- The legality of the electronically created and registered interest is the product of the law’s indifference to contractual form and the express legislative intent of the Electronic Conveyancing National Law.
- The question of authority to sign is likely to arise in contested transactions.
- Digital signatures are only as reliable as the persons entrusted with them.
E-conveyancing is simply online conveyancing in which contracts are created and exchanged, documents lodged for registration, funds transferred, and interests registered, entirely electronically. The legality of the electronically created and registered interests is the product of the law’s indifference to contractual and documentary form and the express legislative intent of the Electronic Conveyancing National Law (‘ECNL’).
The United Nations Model Law on Electronic Commerce (‘MLEC’) creates functional and legal equivalence between electronic and paper media by defining concepts such as ‘writing’, ‘signature’ and ‘original’ in ways that include electronic records and signatures.
The key provision is contained in §5 – that an electronic information will not be invalid solely on account of it being wholly or partly in electronic form. Further provisions are that an electronic information will be in writing if it is accessible so as to be useable for subsequent reference; a signature will not be invalid so long as it is appropriate to the purpose for which the electronic information was generated and a method is used to identify the signatory; and a contract shall not be invalid solely on account of it being wholly or partly in electronic form.
Legislation based on the MLEC has been enacted in every jurisdiction in Australia. Section 8 of the Electronic Transactions Act 1999 (Cth) reproduces §5 of the MLEC. Section 9 provides a narrower enabling of electronic communications than the MLEC because it refers only to information required by government. Section 10 carries the added burden of an objective test of ‘reliability’ of method to identify the signatory (Get Up Ltd v Electoral Commissioner (2010) 189 FCR 165; see also Russells v McCardel  VSC 287).
Arguably, the common law does not require the assistance of legislation to recognise the validity of electronic writing and signatures for dealings in real property.
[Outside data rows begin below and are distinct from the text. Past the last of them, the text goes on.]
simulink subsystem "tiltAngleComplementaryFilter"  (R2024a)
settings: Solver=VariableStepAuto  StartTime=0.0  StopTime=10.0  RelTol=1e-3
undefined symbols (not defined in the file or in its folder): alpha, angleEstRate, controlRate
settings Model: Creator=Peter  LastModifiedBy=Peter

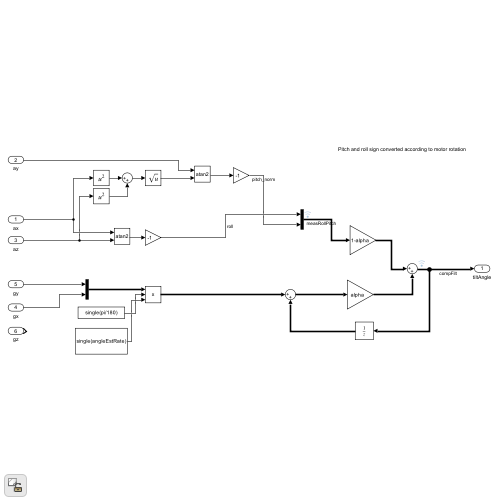
[thumbnail: Simulink's stored preview of the top-level diagram]
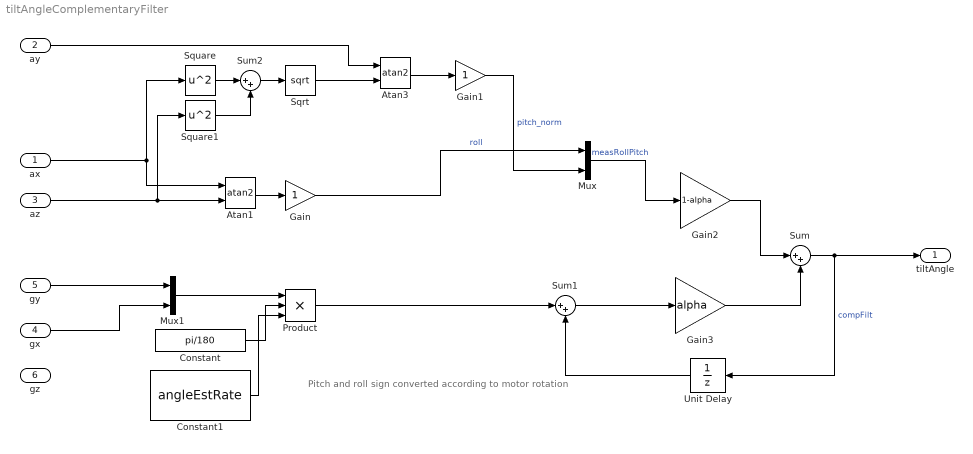
== system tiltAngleComplementaryFilter ==
  note: Pitch and roll sign converted according to motor rotation
  ax : Inport
  ay : Inport  Port=2
  az : Inport  Port=3
  gx : Inport  Port=4
  gy : Inport  Port=5
  gz : Inport  Port=6
  Atan1 : Trigonometry  Operator=atan2
  Atan3 : Trigonometry  Operator=atan2
  Constant : Constant  Value=pi/180  OutDataTypeStr=single
  Constant1 : Constant  Value=angleEstRate  OutDataTypeStr=single
  Gain : Gain
  Gain1 : Gain  OutDataTypeStr=single
  Gain2 : Gain  Gain=1-alpha  OutDataTypeStr=single
  Gain3 : Gain  Gain=alpha  OutDataTypeStr=single
  Mux : Mux  Inputs=2
  Mux1 : Mux  Inputs=2
  Product : Product  Inputs=3
  Sqrt : Sqrt
  Square : Math  Operator=square
  Square1 : Math  Operator=square
  Sum : Sum  Inputs=|++
  Sum1 : Sum  Inputs=|++
  Sum2 : Sum  Inputs=|++
  Unit Delay : UnitDelay  SampleTime=controlRate  HasFrameUpgradeWarning=on
  tiltAngle : Outport
  wires:
  ay/1 -> Atan3/1
  Sum/1 -> tiltAngle/1, Unit Delay/1  "compFilt"
  ax/1 -> Atan1/1, Square/1
  Atan1/1 -> Gain/1
  Gain/1 -> Mux/1  "roll"
  Mux/1 -> Gain2/1  "measRollPitch"
  gy/1 -> Mux1/1
  gx/1 -> Mux1/2
  Mux1/1 -> Product/1
  Constant/1 -> Product/2
  Product/1 -> Sum1/1
  Gain2/1 -> Sum/1
  Gain3/1 -> Sum/2
  Unit Delay/1 -> Sum1/2
  Sum1/1 -> Gain3/1
  Square/1 -> Sum2/1
  Square1/1 -> Sum2/2
  Sum2/1 -> Sqrt/1
  Sqrt/1 -> Atan3/2
  Atan3/1 -> Gain1/1
  Constant1/1 -> Product/3
  az/1 -> Atan1/2, Square1/1
  Gain1/1 -> Mux/2  "pitch_norm"
simulink model "PubIfDecisionLSM_MDL"  (R2020b)
settings: configuration reference "DspaceConfig" (kept outside this file)
PostLoadFcn:
  | if any(exist('dsrtsu_mdlpostloadfcn', 'file') ~= 0), dsrtsu_mdlpostloadfcn('Execute', bdroot); end
InitFcn:
  | , if any(exist('rtifpga_mdlclblib', 'file') ~= 0), rtifpga_mdlclblib('Init', bdroot); end,
  | , if any(exist('dsmpb_private', 'file') ~= 0), dsmpb_private('dsmpb_mdlclblib', 'Init', bdroot); end,
values from neighbouring files (symbols this model uses):
  P_LSM_ALC_Enable = 0.0    [LSM_Parameter.sldd]
  P_LSM_AwayEdge_offset = 0.1    [LSM_Parameter.sldd]
  P_LSM_CentValidErr = 1.0    [LSM_Parameter.sldd]
  P_LSM_DOP_C0_EN_Limit = 0.8    [LSM_Parameter.sldd]
  P_LSM_DOP_C0_out_Limit = 2.0    [LSM_Parameter.sldd]
  P_LSM_DOP_C1_EN_Limit : value not decoded    [LSM_Parameter.sldd]
  P_LSM_DOP_C1_out_Limit : value not decoded    [LSM_Parameter.sldd]
  P_LSM_DOP_C1AndC2_Lim_X : value not decoded    [LSM_Parameter.sldd]
  P_LSM_DOP_C2_EN_Limit : value not decoded    [LSM_Parameter.sldd]
  P_LSM_DOP_C2_out_Limit : value not decoded    [LSM_Parameter.sldd]
  P_LSM_DOP_In_Pre2Dop_Dis = 1.0    [LSM_Parameter.sldd]
  P_LSM_DOP_Out_Pre2Dop_Dis = 2.0    [LSM_Parameter.sldd]
  P_LSM_DOP_PreDis_X : value not decoded    [LSM_Parameter.sldd]
  P_LSM_DOP_PreDis_Y : value not decoded    [LSM_Parameter.sldd]
  P_LSM_DOPEnableSW = 1.0    [LSM_Parameter.sldd]
  P_LSM_DOPValid_CheckTime = 0.06    [LSM_Parameter.sldd]
  P_LSM_DoubleLine_Curr2Cent_Dislimit = 0.5    [LSM_Parameter.sldd]
  P_LSM_DoubleLine_Dop2Cent_Dislimit = 0.5    [LSM_Parameter.sldd]
  P_LSM_DoubleLine_DOPOut_C1 : value not decoded    [LSM_Parameter.sldd]
  P_LSM_DoubleLine_Pre2Cent_Dislimit = 1.0    [LSM_Parameter.sldd]
  P_LSM_Error_Limit = 0.5    [LSM_Parameter.sldd]
  P_LSM_IFV2CenterAxis = 0.0    [LSM_Parameter.sldd]
  P_LSM_IFV2RearAxis = 0.0    [LSM_Parameter.sldd]
  P_LSM_Line2Edge_limit = 0.5    [LSM_Parameter.sldd]
  P_LSM_Line_Error = 0.1    [LSM_Parameter.sldd]
  P_LSM_LineSTD_Limit = 0.15    [LSM_Parameter.sldd]
  P_LSM_NOH_Switch = 0.0    [LSM_Parameter.sldd]
  P_LSM_OTL_C0_Factor = 1.0    [LSM_Parameter.sldd]
  P_LSM_OTL_C1_Factor = 0.5    [LSM_Parameter.sldd]
  P_LSM_OTL_C2_Factor = 0.5    [LSM_Parameter.sldd]
  P_LSM_Pre2OnlyLineDis = 5.0    [LSM_Parameter.sldd]
  P_LSM_Pre_t = 0.0    [LSM_Parameter.sldd]
  P_LSM_SingleLine_Cent2Edge_Dislimit = 100.0    [LSM_Parameter.sldd]
  P_LSM_SingleLine_Curr2Cent_Dislimit = 0.2    [LSM_Parameter.sldd]
  P_LSM_SingleLine_Dop2Cent_Dislimit = 0.2    [LSM_Parameter.sldd]
  P_LSM_SingleLine_DOPOut_C1 : value not decoded    [LSM_Parameter.sldd]
  P_LSM_SingleLine_Pre2Cent_Dislimit = 0.5    [LSM_Parameter.sldd]
  P_LSM_TJALimitSpd = 60.0    [LSM_Parameter.sldd]
undefined symbols (not defined in the file or in its folder): P_lCS_IFV2CenterAxis, P_LCS_IFV2RearAxis, P_LSM_EntryEdge_offset, P_LSM_EntryLnChngEnSwitch, P_LSM_EntryVanishDis, P_LSM_LinetLostTime, P_LSM_LineWijCal_C12, P_LSM_LineWijCal_C13, P_LSM_MapValid_ErrorSwitch, P_LSM_PosLineLcFac, P_LSM_SpdLim_Stub_Spd, P_LSM_SpdLim_StubLength, P_LSM_SpdTurnAlarm
libraries: simulink x324, TrueDurationTime x11
(part 20 of 25)

== matlab function PubIfDecisionLSM_MDL/Subsystem1/TargetLineCalc_20ms2/TargetLineCalc/HWALineCalc ==
  data: LeftLineTypeEn input boolean size=1; RightLineTypeEn input boolean size=1; YBranch_b input boolean size=1; YBranchRi_b input boolean size=1; HWALineC0K1 input; TJA_Line_State input; HWALineValid output boolean size=1; HWASts input uint8 size=1; HWAStsK1 input uint8 size=1; LineConf input uint8 size=4; Reliable input; A3 input single size=4; A2 input single size=4; A1 input single size=4; A0 input single size=4; Range input single size=4; tLost input single size=4; PathPredValid input boolean size=1; PathPredA3 input single size=1; PathPredA2 input single size=1; PathPredA1 input single size=1; PathPredA0 input single size=1; PathPredRange input; LeftOffset_b input boolean size=1; RightOffset_b input boolean size=1; HWALineC3 output single size=1; HWALineC2 output single size=1; HWALineC1 output single size=1; HWALineC0 output single size=1; HWARange output single size=1; RoadWidth input single size=1; dDeltaX input single size=1; dDeltaY input single size=1; CosOfPsi input single size=1; SinOfPsi input single size=1; vRef input single size=1; DistanceLim input single size=1; HWALeLineValid output boolean size=1; HWALeLineC3 output single size=1; HWALeLineC2 output single size=1; HWALeLineC1 output single size=1; HWALeLineC0 output single size=1; HWALeRange output single size=1; HWARiLineValid output boolean size=1; HWARiLineC3 output single size=1; HWARiLineC2 output single size=1; HWARiLineC1 output single size=1; HWARiLineC0 output single size=1; HWARiRange output single size=1; preDyDiff output single size=1; HeadAngDiff output single size=1; Error output boolean size=1; SingleLineLost_b output boolean size=1; DoubleLineLost_b output boolean size=1; MoveIDK1 input int8 size=1; LockIDK1 input int8; MoveID output int8 size=1; LockID output int8; Lock_counterK1 input uint8; Lock_counter output uint8
function [HWALineValid,HWALineC3,HWALineC2,HWALineC1,HWALineC0,HWARange,...
    HWALeLineValid,HWALeLineC3,HWALeLineC2,HWALeLineC1,HWALeLineC0,HWALeRange,...
    HWARiLineValid,HWARiLineC3,HWARiLineC2,HWARiLineC1,HWARiLineC0,HWARiRange,...
    preDyDiff,HeadAngDiff,Error,SingleLineLost_b,DoubleLineLost_b,MoveID,LockID,Lock_counter] = ...
    LineCalc(LeftLineTypeEn,RightLineTypeEn,YBranch_b,YBranchRi_b,HWALineC0K1,TJA_Line_State,HWASts,HWAStsK1,LineConf,Reliable,A3,A2,A1,A0,Range,tLost,...
    PathPredValid,PathPredA3,PathPredA2,PathPredA1,PathPredA0,PathPredRange,...
    LeftOffset_b,RightOffset_b,RoadWidth,dDeltaX,dDeltaY,CosOfPsi,SinOfPsi,vRef,DistanceLim,MoveIDK1,LockIDK1,Lock_counterK1)

HWALineValid = false;
HWALineC3 = single(0);
HWALineC2 = single(0);
HWALineC1 = single(0);
HWALineC0 = single(0);
HWARange = single(0);
HWALeLineValid = false;
HWALeLineC3 = single(0);
HWALeLineC2 = single(0);
HWALeLineC1 = single(0);
HWALeLineC0 = single(0);
HWALeRange = single(0);
HWARiLineValid = false;
HWARiLineC3 = single(0);
HWARiLineC2 = single(0);
HWARiLineC1 = single(0);
HWARiLineC0 = single(0);
HWARiRange = single(0);
Error = false;
SingleLineLost_b = false;
DoubleLineLost_b = false;
preDis = single(50);

MoveID = MoveIDK1;
LockID = LockIDK1;
if abs(HWALineC0K1)>4.5
    MoveID = int8(0);
    LockID = int8(0);
end

Lock_counter = max(Lock_counterK1-uint8(1),uint8(0));
if Lock_counter==0
    LockID = int8(0);
end

if (HWASts==1)||(HWASts==7)||(HWASts==0)
    MoveID = int8(0);
end

if HWASts ==1 || HWASts == 2
    HWALineValid = PathPredValid;
    HWALineC3 = PathPredA3;
    HWALineC2 = PathPredA2;
    HWALineC1 = PathPredA1;
    HWALineC0 = PathPredA0;
    HWARange = PathPredRange;
end
if HWASts==3 || HWASts==11 || HWASts==12
    MoveID = int8(0);
    if HWAStsK1==5 || HWAStsK1==6
        Lock_counter = uint8(250);
        LockID = int8(0);
    end
    if Lock_counter>0
        if LeftOffset_b
            LockID = LockID + int8(1);
        end
        if RightOffset_b
            LockID = LockID - int8(1);
        end
        if (LineConf(2+LockID)>0)&&(LineConf(3+LockID)>0)&&...
                max(Range(2+LockID),Range(3+LockID))>DistanceLim&&...
                ((tLost(2+LockID)<0.15)||(tLost(3+LockID)<0.15))
            if YBranch_b
                HWALineValid = true;
                HWALineC3 = A3(2+LockID);
                HWALineC2 = A2(2+LockID);
                HWALineC1 = A1(2+LockID);
                HWALineC0 = A0(2+LockID) - 0.5*RoadWidth*sqrt(single(1) + A1(2+LockID)*A1(2+LockID));
                HWARange = Range(2+LockID);
            else
                if Reliable(2+LockID)>0.5&&Reliable(3+LockID)>0.5
                    HWALineValid = true;
                    HWALineC3 = 0.5*(A3(2+LockID) + A3(3+LockID));
                    HWALineC2 = 0.5*(A2(2+LockID) + A2(3+LockID));
                    HWALineC1 = 0.5*(A1(2+LockID) + A1(3+LockID));
                    HWALineC0 = 0.5*(A0(2+LockID) + A0(3+LockID));
                    HWARange = max(Range(2+LockID),Range(3+LockID));
                elseif Reliable(2+LockID)>0.5
                    HWALineValid = true;
                    HWALineC3 = A3(2+LockID);
                    HWALineC2 = A2(2+LockID);
                    HWALineC1 = A1(2+LockID);
                    HWALineC0 = A0(2+LockID) - 0.5*RoadWidth*sqrt(single(1) + A1(2+LockID)*A1(2+LockID));
                    HWARange = Range(2+LockID);
                elseif Reliable(3+LockID)>0.5
                    HWALineValid = true;
                    HWALineC3 = A3(3+LockID);
                    HWALineC2 = A2(3+LockID);
                    HWALineC1 = A1(3+LockID);
                    HWALineC0 = A0(3+LockID) + 0.5*RoadWidth*sqrt(single(1) + A1(3+LockID)*A1(3+LockID));
                    HWARange = Range(3+LockID);
                end
            end
        elseif (LineConf(2+LockID)>0)&&...
                (Range(2+LockID)>DistanceLim)
            HWALineValid = true;
            HWALineC3 = A3(2+LockID);
            HWALineC2 = A2(2+LockID);
            HWALineC1 = A1(2+LockID);
            HWALineC0 = A0(2+LockID) - 0.5*RoadWidth*sqrt(single(1) + A1(2+LockID)*A1(2+LockID));
            HWARange = Range(2+LockID);
            if YBranch_b==false
                SingleLineLost_b = true;
            end
        elseif (LineConf(3+LockID)>0)&&...
                (Range(3+LockID)>DistanceLim)
            HWALineValid = true;
            HWALineC3 = A3(3+LockID);
            HWALineC2 = A2(3+LockID);
            HWALineC1 = A1(3+LockID);
            HWALineC0 = A0(3+LockID) + 0.5*RoadWidth*sqrt(single(1) + A1(3+LockID)*A1(3+LockID));
            HWARange = Range(3+LockID);
            SingleLineLost_b = true;
        else
            DoubleLineLost_b = true;
        end
    else
        LockID = int8(0);
        HWALineValid = PathPredValid;
        HWALineC3 = PathPredA3;
        HWALineC2 = PathPredA2;
        HWALineC1 = PathPredA1;
        HWALineC0 = PathPredA0;
        HWARange = PathPredRange;
    end
    
    if (LineConf(2)>0)&&(LineConf(1)>0)&&...
            (Range(2)>DistanceLim)&&(Range(1)>0.8*DistanceLim)&&...
            ((tLost(2)<0.15)||(tLost(1)<0.15))&&abs(A0(1)-A0(2))>3&&...
            abs(A0(1)+A1(1)*preDis+A2(1)*preDis^2+A3(1)*preDis^3-A0(2)-A1(2)*preDis-A2(2)*preDis^2-A3(2)*preDis^3)>3&&...
            TJA_Line_State==1
%             (LeftLineTypeEn)&&

        HWALeLineValid = true;
        HWALeLineC3 = 0.5*(A3(2) + A3(1));
        HWALeLineC2 = 0.5*(A2(2) + A2(1));
        HWALeLineC1 = 0.5*(A1(2) + A1(1));
        HWALeLineC0 = 0.5*(A0(2) + A0(1));
        if abs(HWALeLineC0)>4.5
            HWALeLineValid = false;
        end
        HWALeRange = 0.5*(Range(2) + Range(1));
    end
    if (LineConf(4)>0)&&(LineConf(3)>0)&&...
            (Range(4)>0.8*DistanceLim)&&(Range(3)>DistanceLim)&&...
            ((tLost(4)<0.15)||(tLost(3)<0.15))&&abs(A0(3)-A0(4))>3&&...
            abs(A0(3)+A1(3)*preDis+A2(3)*preDis^2+A3(3)*preDis^3-A0(4)-A1(4)*preDis-A2(4)*preDis^2-A3(4)*preDis^3)>3&&...
            TJA_Line_State==1
%             (RightLineTypeEn)
        HWARiLineValid = true;
        HWARiLineC3 = 0.5*(A3(4) + A3(3));
        HWARiLineC2 = 0.5*(A2(4) + A2(3));
        HWARiLineC1 = 0.5*(A1(4) + A1(3));
        HWARiLineC0 = 0.5*(A0(4) + A0(3));
        if abs(HWARiLineC0)>4.5
            HWARiLineValid = false;
        end
        HWARiRange = 0.5*(Range(4) + Range(3));
    end
end
if HWASts==5
    if HWAStsK1~=5
        MoveID = MoveID - int8(1);
    end
    if LeftOffset_b
        MoveID = MoveID + int8(1);
    end
    if RightOffset_b
        MoveID = MoveID - int8(1);
    end
    %     if MoveID==-1 && LeftLineTypeEn==0
    %         MoveID = int8(1);
    %     end
    if (MoveID>=1)||(MoveID<=-2)
        Error = true;
    end
    if Error==false
        if (LineConf(int8(2)+MoveID)>0)&&(LineConf(int8(3)+MoveID)>0)&&...
                (Range(int8(2)+MoveID)>0.8*DistanceLim)&&(Range(int8(3)+MoveID)>0.8*DistanceLim)&&...
                ((tLost(int8(2)+MoveID)<0.15)||(tLost(int8(3)+MoveID)<0.15))
            if MoveID~=0
%                 if LeftLineTypeEn==1
                    HWALineValid = true;
                    HWALineC3 = A3(int8(3)+MoveID);
                    HWALineC2 = A2(int8(3)+MoveID);
                    HWALineC1 = A1(int8(3)+MoveID);
                    HWALineC0 = A0(int8(3)+MoveID)+ 0.5*RoadWidth*sqrt(single(1) + A1(int8(3)+MoveID)*A1(int8(3)+MoveID));
                    HWARange = 0.5*(Range(int8(2)+MoveID) + Range(int8(3)+MoveID));
                    
                    HWALeLineValid = true;
                    HWALeLineC3 = A3(int8(3)+MoveID);
                    HWALeLineC2 = A2(int8(3)+MoveID);
                    HWALeLineC1 = A1(int8(3)+MoveID);
                    HWALeLineC0 = A0(int8(3)+MoveID)+ 0.5*RoadWidth*sqrt(single(1) + A1(int8(3)+MoveID)*A1(int8(3)+MoveID));
                    HWALeRange = 0.5*(Range(int8(2)+MoveID) + Range(int8(3)+MoveID));
%                 else
%                     HWALineValid = true;
%                     HWALineC3 = 0.5*(A3(int8(2)+MoveID) + A3(int8(3)+MoveID));
%                     HWALineC2 = 0.5*(A2(int8(2)+MoveID) + A2(int8(3)+MoveID));
%                     HWALineC1 = 0.5*(A1(int8(2)+MoveID) + A1(int8(3)+MoveID));
%                     HWALineC0 = 0.5*(A0(int8(2)+MoveID) + A0(int8(3)+MoveID));
%                     HWARange = 0.5*(Range(int8(2)+MoveID) + Range(int8(3)+MoveID));
%                 end
            else
                HWALineValid = true;
                HWALineC3 = 0.5*(A3(int8(2)+MoveID) + A3(int8(3)+MoveID));
                HWALineC2 = 0.5*(A2(int8(2)+MoveID) + A2(int8(3)+MoveID));
                HWALineC1 = 0.5*(A1(int8(2)+MoveID) + A1(int8(3)+MoveID));
                HWALineC0 = 0.5*(A0(int8(2)+MoveID) + A0(int8(3)+MoveID));
                HWARange = 0.5*(Range(int8(2)+MoveID) + Range(int8(3)+MoveID));
                
                HWALeLineValid = true;
                HWALeLineC3 = 0.5*(A3(int8(2)+MoveID) + A3(int8(3)+MoveID));
                HWALeLineC2 = 0.5*(A2(int8(2)+MoveID) + A2(int8(3)+MoveID));
                HWALeLineC1 = 0.5*(A1(int8(2)+MoveID) + A1(int8(3)+MoveID));
                HWALeLineC0 = 0.5*(A0(int8(2)+MoveID) + A0(int8(3)+MoveID));
                HWALeRange = 0.5*(Range(int8(2)+MoveID) + Range(int8(3)+MoveID));
            end
        elseif (LineConf(int8(2)+MoveID)>0)&&...
                (Range(int8(2)+MoveID)>DistanceLim)
            HWALineValid = true;
            HWALineC3 = A3(int8(2)+MoveID);
            HWALineC2 = A2(int8(2)+MoveID);
            HWALineC1 = A1(int8(2)+MoveID);
            HWALineC0 = A0(int8(2)+MoveID) - 0.5*RoadWidth*sqrt(single(1) + A1(int8(2)+MoveID)*A1(int8(2)+MoveID));
            HWARange = Range(int8(2)+MoveID);
            %             SingleLineLost_b = true;
            HWALeLineValid = true;
            HWALeLineC3 = A3(int8(2)+MoveID);
            HWALeLineC2 = A2(int8(2)+MoveID);
            HWALeLineC1 = A1(int8(2)+MoveID);
            HWALeLineC0 = A0(int8(2)+MoveID) - 0.5*RoadWidth*sqrt(single(1) + A1(int8(2)+MoveID)*A1(int8(2)+MoveID));
            HWALeRange = Range(int8(2)+MoveID);
        elseif (LineConf(int8(3)+MoveID)>0)&&...
                (Range(int8(3)+MoveID)>DistanceLim)
            if MoveID==0
                HWALineValid = true;
                HWALineC3 = A3(int8(3)+MoveID);
                HWALineC2 = A2(int8(3)+MoveID);
                HWALineC1 = A1(int8(3)+MoveID);
                HWALineC0 = A0(int8(3)+MoveID) + 0.5*RoadWidth*sqrt(single(1) + A1(int8(3)+MoveID)*A1(int8(3)+MoveID));
                HWARange = Range(int8(3)+MoveID);
                %             SingleLineLost_b = true;
                HWALeLineValid = true;
                HWALeLineC3 = A3(int8(3)+MoveID);
                HWALeLineC2 = A2(int8(3)+MoveID);
                HWALeLineC1 = A1(int8(3)+MoveID);
                HWALeLineC0 = A0(int8(3)+MoveID) + 0.5*RoadWidth*sqrt(single(1) + A1(int8(3)+MoveID)*A1(int8(3)+MoveID));
                HWALeRange = Range(int8(3)+MoveID);
            else
%                 if LeftLineTypeEn==1
                    HWALineValid = true;
                    HWALineC3 = A3(int8(3)+MoveID);
                    HWALineC2 = A2(int8(3)+MoveID);
                    HWALineC1 = A1(int8(3)+MoveID);
                    HWALineC0 = A0(int8(3)+MoveID) + 0.5*RoadWidth*sqrt(single(1) + A1(int8(3)+MoveID)*A1(int8(3)+MoveID));
                    HWARange = Range(int8(3)+MoveID);
                    %             SingleLineLost_b = true;
                    HWALeLineValid = true;
                    HWALeLineC3 = A3(int8(3)+MoveID);
                    HWALeLineC2 = A2(int8(3)+MoveID);
                    HWALeLineC1 = A1(int8(3)+MoveID);
                    HWALeLineC0 = A0(int8(3)+MoveID) + 0.5*RoadWidth*sqrt(single(1) + A1(int8(3)+MoveID)*A1(int8(3)+MoveID));
                    HWALeRange = Range(int8(3)+MoveID);
%                 else
%                     HWALineValid = true;
%                     HWALineC3 = A3(int8(3)+MoveID);
%                     HWALineC2 = A2(int8(3)+MoveID);
%                     HWALineC1 = A1(int8(3)+MoveID);
%                     HWALineC0 = A0(int8(3)+MoveID) - 0.5*RoadWidth*sqrt(single(1) + A1(int8(3)+MoveID)*A1(int8(3)+MoveID));
%                     HWARange = Range(int8(3)+MoveID);
%                 end
            end
        else
            DoubleLineLost_b = true;
        end
        if (LineConf(4+MoveID)>0)&&(LineConf(int8(3)+MoveID)>0)&&...
                (Range(4+MoveID)>0.8*DistanceLim)&&(Range(int8(3)+MoveID)>0.8*DistanceLim)&&...
                ((tLost(4+MoveID)<0.15)||(tLost(int8(3)+MoveID)<0.15))
            HWARiLineValid = true;
            HWARiLineC3 = 0.5*(A3(4+MoveID) + A3(int8(3)+MoveID));
            HWARiLineC2 = 0.5*(A2(4+MoveID) + A2(int8(3)+MoveID));
            HWARiLineC1 = 0.5*(A1(4+MoveID) + A1(int8(3)+MoveID));
            HWARiLineC0 = 0.5*(A0(4+MoveID) + A0(int8(3)+MoveID));
            HWARiRange = 0.5*(Range(4+MoveID) + Range(int8(3)+MoveID));
        end
    end
end
if HWASts==6
    if HWAStsK1~=6
        MoveID = MoveID + int8(1);
    end
    if LeftOffset_b
        MoveID = MoveID + int8(1);
    end
    if RightOffset_b
        MoveID = MoveID - int8(1);
    end
    %     if MoveID==1 && RightLineTypeEn==0
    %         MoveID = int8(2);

Since the nineteenth century, common law courts have held that telegrams were capable of forming valid contracts for transacting interests in land (Godwin v Francis (1870) LR 5 CP 295). Since then, courts in the United States, Canada, Australia, New Zealand and Singapore have held mailgrams (Hessenthaler v Farzin (1989) 564 A.2d 990), faxes (Twynam Pastoral Co Pty Ltd v Anburn Pty Ltd (NSWSC, Young J, No 3551 of 1989, 15 August 1989, unreported)) and emails (Shattuck v Klotzbach (2001) 14 Mass L Rep 360; Rosenfeld v Zerneck (2004) 776 NYS 2d 458; Girouard v Drouet  N.B.J. No 136; Cox v Coughlan  NZHC 164; Joseph Matthew anor v Singh Chiranjeev anor  SGCA 51) capable of forming valid contracts for dealings in interests in land.
Where the courts have not upheld the validity of such contracts it is because the substance, rather than the form, has been deficient (Harvey v Facey  AC 552; Singer v Adamson 2003 WL 23641985 affd (2005) 837 NE 2d 313).